BRIEF - Please give back, word for word, only the lines starting at the one containing "#60=DIRECTION('',(0.,0.,1.));" and ending at the one containing "#74=EDGE_CURVE('E237',#65,#73,#71,.T.);" within the material below.

SUPPLIED ENTRIES -
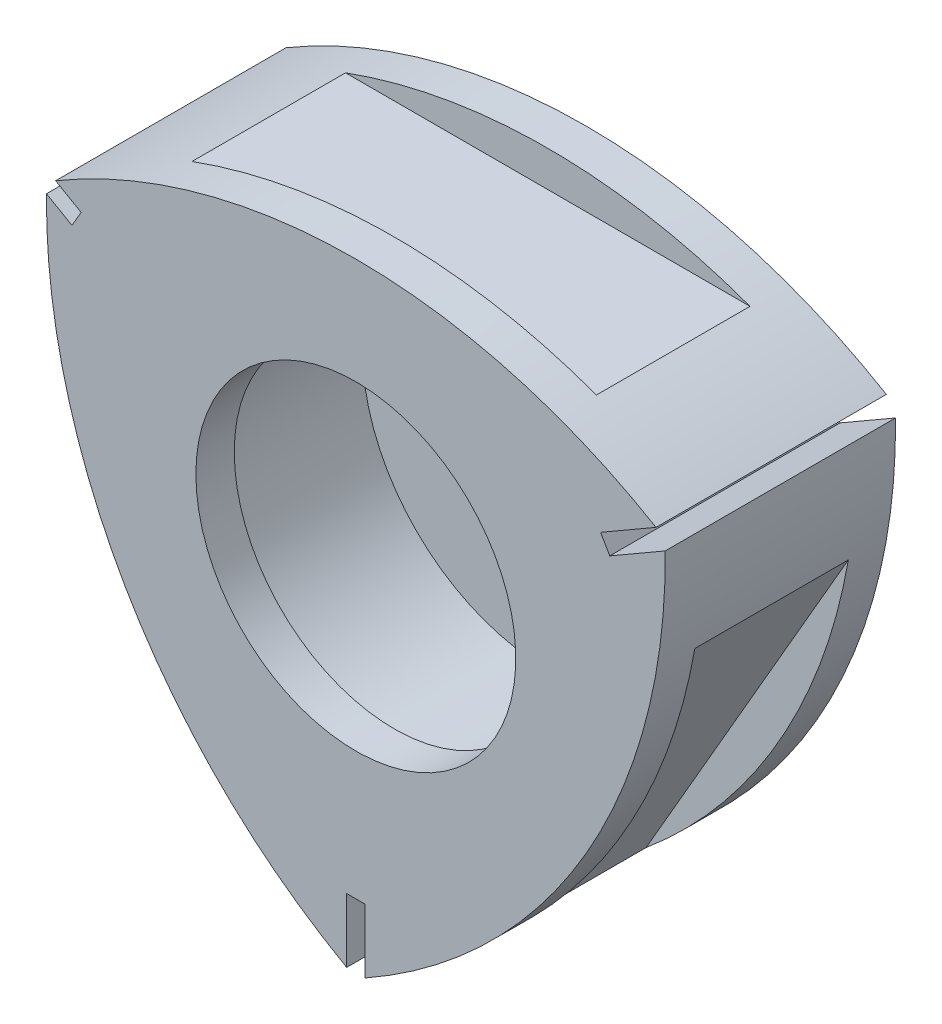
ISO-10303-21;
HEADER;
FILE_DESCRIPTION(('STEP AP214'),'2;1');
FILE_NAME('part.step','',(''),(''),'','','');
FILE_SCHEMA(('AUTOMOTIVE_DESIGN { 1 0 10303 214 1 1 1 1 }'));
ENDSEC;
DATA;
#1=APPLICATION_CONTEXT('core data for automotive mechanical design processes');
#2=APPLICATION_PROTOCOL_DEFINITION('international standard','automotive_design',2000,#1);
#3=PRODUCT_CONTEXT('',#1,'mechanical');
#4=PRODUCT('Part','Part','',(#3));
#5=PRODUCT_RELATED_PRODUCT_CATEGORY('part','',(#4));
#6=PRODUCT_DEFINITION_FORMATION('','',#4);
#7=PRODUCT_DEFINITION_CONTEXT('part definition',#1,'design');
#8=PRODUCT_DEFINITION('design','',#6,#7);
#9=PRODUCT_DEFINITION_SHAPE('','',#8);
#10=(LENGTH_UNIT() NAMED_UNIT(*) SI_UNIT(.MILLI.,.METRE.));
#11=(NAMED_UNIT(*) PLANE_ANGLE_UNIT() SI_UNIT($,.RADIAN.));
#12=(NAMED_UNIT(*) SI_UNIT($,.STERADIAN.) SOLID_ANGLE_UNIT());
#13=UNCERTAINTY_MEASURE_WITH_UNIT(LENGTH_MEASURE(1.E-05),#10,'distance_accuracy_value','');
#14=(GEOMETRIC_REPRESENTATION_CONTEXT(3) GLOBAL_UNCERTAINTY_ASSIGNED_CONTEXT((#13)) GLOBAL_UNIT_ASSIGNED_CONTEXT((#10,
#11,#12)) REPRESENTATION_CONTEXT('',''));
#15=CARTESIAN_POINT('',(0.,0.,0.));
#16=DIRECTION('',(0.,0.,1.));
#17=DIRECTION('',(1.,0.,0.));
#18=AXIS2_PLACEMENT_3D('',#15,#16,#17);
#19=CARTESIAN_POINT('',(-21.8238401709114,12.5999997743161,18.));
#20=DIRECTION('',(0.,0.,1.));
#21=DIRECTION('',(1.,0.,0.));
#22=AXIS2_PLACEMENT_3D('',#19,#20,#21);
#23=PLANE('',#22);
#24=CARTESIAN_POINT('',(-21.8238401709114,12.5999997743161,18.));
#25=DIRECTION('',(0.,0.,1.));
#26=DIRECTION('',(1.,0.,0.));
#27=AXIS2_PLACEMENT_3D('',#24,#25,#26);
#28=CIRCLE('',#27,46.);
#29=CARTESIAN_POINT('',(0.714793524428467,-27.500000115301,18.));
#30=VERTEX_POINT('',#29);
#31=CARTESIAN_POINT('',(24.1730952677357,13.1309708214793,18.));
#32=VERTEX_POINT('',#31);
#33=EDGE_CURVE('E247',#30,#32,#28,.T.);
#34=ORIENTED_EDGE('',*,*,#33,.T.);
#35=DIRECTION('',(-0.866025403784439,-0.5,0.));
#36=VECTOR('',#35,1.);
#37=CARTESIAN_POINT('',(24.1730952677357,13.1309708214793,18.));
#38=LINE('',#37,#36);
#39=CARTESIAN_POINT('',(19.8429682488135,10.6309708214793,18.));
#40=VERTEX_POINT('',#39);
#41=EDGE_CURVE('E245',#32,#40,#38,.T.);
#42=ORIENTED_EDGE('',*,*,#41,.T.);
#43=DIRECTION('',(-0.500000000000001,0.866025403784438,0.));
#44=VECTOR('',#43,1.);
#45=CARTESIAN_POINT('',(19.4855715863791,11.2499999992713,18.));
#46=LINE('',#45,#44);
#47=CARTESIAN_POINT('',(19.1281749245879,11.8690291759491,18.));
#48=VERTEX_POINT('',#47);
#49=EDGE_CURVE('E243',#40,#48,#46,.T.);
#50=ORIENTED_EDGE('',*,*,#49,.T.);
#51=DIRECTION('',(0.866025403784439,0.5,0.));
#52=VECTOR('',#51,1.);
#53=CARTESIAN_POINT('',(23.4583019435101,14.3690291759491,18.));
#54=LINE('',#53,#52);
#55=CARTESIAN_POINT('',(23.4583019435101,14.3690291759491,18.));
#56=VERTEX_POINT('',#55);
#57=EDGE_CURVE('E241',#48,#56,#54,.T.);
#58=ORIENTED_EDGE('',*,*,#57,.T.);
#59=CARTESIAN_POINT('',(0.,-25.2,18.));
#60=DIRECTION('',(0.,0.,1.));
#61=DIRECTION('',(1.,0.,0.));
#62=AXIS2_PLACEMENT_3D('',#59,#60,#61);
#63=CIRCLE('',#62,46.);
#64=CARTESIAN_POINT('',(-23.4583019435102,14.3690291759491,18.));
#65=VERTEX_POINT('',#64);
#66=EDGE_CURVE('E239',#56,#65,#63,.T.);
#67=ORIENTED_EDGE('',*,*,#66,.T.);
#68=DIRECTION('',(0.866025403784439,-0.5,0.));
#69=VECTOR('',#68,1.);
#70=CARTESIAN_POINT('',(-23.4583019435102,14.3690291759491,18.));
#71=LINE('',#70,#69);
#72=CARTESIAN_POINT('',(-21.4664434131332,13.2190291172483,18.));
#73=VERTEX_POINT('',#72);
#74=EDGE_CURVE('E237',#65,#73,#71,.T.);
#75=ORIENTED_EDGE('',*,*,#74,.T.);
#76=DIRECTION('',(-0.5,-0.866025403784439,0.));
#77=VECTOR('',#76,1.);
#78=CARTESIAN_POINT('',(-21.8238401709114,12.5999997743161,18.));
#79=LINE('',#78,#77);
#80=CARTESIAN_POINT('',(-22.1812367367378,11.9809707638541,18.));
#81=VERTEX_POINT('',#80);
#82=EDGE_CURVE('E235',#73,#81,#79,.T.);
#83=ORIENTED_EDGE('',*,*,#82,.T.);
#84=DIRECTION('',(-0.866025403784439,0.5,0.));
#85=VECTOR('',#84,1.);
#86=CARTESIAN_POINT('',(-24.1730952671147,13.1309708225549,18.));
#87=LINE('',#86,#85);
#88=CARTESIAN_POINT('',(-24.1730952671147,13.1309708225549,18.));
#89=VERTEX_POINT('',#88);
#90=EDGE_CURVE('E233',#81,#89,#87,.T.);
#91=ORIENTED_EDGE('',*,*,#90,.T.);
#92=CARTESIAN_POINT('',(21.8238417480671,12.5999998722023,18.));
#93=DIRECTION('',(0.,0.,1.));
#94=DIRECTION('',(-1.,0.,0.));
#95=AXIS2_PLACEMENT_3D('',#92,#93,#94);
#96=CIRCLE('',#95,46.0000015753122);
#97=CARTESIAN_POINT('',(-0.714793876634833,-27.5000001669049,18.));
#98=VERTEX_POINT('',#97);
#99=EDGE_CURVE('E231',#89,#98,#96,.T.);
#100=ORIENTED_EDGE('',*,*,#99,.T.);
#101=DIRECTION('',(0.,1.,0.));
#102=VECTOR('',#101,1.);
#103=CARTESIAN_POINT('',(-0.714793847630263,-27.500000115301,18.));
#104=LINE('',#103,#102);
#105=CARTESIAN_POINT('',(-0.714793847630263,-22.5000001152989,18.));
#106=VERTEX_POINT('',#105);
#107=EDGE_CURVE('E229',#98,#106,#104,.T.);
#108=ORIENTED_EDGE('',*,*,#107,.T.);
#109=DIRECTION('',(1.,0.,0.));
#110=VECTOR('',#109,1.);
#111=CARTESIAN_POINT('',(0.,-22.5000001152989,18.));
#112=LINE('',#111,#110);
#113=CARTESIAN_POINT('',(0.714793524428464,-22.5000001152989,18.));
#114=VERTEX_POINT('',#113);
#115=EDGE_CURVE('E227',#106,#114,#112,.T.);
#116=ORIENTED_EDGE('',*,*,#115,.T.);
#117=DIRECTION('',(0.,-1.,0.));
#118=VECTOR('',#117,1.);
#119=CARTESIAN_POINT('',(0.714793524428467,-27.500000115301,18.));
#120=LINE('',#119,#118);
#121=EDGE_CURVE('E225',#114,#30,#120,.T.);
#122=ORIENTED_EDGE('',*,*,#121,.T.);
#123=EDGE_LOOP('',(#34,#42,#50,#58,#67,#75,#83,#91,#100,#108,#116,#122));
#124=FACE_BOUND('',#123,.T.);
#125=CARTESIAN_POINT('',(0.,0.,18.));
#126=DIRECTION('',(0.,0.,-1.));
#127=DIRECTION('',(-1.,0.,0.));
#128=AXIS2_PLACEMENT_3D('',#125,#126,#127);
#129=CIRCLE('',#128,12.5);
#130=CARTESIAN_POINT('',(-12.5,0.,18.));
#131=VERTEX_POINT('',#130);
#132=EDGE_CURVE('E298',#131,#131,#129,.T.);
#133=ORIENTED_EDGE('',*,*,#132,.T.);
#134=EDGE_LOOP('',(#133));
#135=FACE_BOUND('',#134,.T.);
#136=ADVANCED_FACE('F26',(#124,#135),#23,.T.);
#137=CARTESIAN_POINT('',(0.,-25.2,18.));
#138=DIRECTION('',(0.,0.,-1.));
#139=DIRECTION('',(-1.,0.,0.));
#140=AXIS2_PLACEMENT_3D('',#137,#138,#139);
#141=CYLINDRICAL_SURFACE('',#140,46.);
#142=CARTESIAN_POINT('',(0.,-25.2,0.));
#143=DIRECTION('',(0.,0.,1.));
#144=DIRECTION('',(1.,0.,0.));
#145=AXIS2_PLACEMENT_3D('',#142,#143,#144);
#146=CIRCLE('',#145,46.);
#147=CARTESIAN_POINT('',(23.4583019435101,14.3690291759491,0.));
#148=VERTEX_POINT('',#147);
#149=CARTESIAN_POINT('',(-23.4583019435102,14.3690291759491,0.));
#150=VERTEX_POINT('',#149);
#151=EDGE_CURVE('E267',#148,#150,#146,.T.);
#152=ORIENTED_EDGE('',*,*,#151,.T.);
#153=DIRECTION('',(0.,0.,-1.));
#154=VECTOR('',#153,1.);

COMPLETED TASK -
#60=DIRECTION('',(0.,0.,1.));
#61=DIRECTION('',(1.,0.,0.));
#62=AXIS2_PLACEMENT_3D('',#59,#60,#61);
#63=CIRCLE('',#62,46.);
#64=CARTESIAN_POINT('',(-23.4583019435102,14.3690291759491,18.));
#65=VERTEX_POINT('',#64);
#66=EDGE_CURVE('E239',#56,#65,#63,.T.);
#67=ORIENTED_EDGE('',*,*,#66,.T.);
#68=DIRECTION('',(0.866025403784439,-0.5,0.));
#69=VECTOR('',#68,1.);
#70=CARTESIAN_POINT('',(-23.4583019435102,14.3690291759491,18.));
#71=LINE('',#70,#69);
#72=CARTESIAN_POINT('',(-21.4664434131332,13.2190291172483,18.));
#73=VERTEX_POINT('',#72);
#74=EDGE_CURVE('E237',#65,#73,#71,.T.);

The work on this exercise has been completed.